The task: Reproduce, from the lines below, exactly the stretch that begins at the line containing "#84=ORIENTED_EDGE('',*,*,#83,.T.);" and ends at the line containing "#89=VERTEX_POINT('',#88);", both included.

------------------------

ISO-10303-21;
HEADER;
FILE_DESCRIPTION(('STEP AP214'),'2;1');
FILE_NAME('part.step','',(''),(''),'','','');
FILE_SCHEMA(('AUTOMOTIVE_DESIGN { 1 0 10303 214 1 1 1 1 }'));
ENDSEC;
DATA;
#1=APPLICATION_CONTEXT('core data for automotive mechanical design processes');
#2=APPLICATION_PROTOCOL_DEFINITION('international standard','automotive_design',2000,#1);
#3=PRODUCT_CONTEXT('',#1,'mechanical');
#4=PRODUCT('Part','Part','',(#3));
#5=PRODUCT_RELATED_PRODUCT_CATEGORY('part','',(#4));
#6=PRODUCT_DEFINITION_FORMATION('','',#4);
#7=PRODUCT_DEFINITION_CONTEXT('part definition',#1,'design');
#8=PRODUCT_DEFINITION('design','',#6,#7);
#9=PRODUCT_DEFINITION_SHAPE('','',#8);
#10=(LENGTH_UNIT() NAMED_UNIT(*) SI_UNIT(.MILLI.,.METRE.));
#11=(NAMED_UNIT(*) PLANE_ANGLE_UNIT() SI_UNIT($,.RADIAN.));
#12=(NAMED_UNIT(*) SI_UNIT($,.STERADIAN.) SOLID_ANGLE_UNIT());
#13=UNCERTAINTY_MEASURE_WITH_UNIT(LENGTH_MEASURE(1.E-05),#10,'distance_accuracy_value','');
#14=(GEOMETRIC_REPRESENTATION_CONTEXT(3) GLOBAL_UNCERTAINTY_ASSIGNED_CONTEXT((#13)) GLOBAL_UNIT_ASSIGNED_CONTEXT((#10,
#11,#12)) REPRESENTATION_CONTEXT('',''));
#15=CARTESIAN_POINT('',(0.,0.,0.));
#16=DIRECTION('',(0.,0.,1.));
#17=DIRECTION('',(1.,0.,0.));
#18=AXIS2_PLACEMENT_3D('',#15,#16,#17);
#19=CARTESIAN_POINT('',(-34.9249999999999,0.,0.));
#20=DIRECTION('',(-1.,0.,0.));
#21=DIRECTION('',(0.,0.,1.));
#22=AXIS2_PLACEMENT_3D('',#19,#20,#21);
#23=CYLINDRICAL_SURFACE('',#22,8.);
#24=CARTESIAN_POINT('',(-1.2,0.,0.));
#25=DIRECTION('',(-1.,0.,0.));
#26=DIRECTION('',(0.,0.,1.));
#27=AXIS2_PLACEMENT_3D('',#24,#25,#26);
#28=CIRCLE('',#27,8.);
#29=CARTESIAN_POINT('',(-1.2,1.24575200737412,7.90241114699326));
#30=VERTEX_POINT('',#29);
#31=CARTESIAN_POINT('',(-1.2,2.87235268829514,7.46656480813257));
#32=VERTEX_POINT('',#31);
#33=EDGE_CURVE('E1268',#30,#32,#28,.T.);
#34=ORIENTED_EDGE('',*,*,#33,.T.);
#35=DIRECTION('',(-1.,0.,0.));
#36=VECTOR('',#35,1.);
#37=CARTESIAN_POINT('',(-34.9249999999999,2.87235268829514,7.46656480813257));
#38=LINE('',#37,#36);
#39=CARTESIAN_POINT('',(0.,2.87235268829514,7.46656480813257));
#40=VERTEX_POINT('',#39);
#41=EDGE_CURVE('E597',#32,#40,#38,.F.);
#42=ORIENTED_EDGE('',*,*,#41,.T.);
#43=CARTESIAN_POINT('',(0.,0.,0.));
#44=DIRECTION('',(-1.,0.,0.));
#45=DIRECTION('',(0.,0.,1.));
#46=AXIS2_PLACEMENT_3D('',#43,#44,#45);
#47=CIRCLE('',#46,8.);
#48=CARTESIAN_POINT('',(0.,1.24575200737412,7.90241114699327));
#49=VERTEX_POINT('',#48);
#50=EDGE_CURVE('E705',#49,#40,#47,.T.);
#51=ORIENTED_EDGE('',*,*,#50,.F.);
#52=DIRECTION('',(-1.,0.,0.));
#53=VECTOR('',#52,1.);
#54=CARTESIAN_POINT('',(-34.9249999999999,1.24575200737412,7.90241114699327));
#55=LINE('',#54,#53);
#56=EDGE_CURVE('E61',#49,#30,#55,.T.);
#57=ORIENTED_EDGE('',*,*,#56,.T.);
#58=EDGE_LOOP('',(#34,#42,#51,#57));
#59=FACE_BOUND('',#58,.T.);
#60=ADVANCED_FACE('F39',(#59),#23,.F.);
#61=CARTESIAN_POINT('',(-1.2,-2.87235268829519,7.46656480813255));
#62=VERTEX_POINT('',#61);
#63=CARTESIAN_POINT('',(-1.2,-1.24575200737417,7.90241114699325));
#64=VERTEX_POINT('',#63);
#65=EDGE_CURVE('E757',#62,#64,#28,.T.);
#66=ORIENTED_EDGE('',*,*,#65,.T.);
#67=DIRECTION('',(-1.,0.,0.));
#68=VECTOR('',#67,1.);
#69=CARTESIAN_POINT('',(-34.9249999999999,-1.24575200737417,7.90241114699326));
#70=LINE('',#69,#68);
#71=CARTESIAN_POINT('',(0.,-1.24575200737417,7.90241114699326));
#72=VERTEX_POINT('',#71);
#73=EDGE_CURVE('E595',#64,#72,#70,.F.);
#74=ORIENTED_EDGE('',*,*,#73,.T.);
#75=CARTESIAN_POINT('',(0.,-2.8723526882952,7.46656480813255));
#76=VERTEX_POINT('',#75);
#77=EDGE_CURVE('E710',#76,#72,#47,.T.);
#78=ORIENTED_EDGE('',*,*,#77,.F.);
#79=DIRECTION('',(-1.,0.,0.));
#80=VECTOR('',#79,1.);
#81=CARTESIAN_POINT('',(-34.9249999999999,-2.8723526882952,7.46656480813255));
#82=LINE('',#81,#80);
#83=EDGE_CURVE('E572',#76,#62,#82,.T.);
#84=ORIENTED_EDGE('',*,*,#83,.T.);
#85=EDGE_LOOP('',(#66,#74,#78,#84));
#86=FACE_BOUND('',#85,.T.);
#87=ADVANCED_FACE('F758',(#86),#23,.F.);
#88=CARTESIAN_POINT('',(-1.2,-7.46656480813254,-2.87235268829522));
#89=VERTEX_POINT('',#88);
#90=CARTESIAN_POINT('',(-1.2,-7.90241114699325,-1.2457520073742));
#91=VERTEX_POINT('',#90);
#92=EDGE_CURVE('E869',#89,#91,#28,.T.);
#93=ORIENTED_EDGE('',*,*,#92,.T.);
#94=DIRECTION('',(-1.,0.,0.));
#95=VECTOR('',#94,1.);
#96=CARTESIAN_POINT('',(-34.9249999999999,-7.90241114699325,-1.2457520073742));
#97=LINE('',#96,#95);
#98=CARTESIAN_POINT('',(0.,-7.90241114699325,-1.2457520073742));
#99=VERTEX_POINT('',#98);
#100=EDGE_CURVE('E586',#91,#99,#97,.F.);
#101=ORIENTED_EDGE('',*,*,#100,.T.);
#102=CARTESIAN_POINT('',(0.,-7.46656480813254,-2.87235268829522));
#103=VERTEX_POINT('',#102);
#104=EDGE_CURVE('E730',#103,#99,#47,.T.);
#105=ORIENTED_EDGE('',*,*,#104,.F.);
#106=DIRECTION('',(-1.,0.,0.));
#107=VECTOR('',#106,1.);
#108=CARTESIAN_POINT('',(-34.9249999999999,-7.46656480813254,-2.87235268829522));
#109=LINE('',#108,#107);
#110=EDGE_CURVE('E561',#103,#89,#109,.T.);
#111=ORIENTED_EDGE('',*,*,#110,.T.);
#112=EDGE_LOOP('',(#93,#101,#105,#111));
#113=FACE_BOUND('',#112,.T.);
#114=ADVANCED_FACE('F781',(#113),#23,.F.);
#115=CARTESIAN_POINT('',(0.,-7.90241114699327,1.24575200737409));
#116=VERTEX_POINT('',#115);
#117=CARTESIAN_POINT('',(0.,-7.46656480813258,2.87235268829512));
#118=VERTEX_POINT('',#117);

------------------------

Solution to the problem:
#84=ORIENTED_EDGE('',*,*,#83,.T.);
#85=EDGE_LOOP('',(#66,#74,#78,#84));
#86=FACE_BOUND('',#85,.T.);
#87=ADVANCED_FACE('F758',(#86),#23,.F.);
#88=CARTESIAN_POINT('',(-1.2,-7.46656480813254,-2.87235268829522));
#89=VERTEX_POINT('',#88);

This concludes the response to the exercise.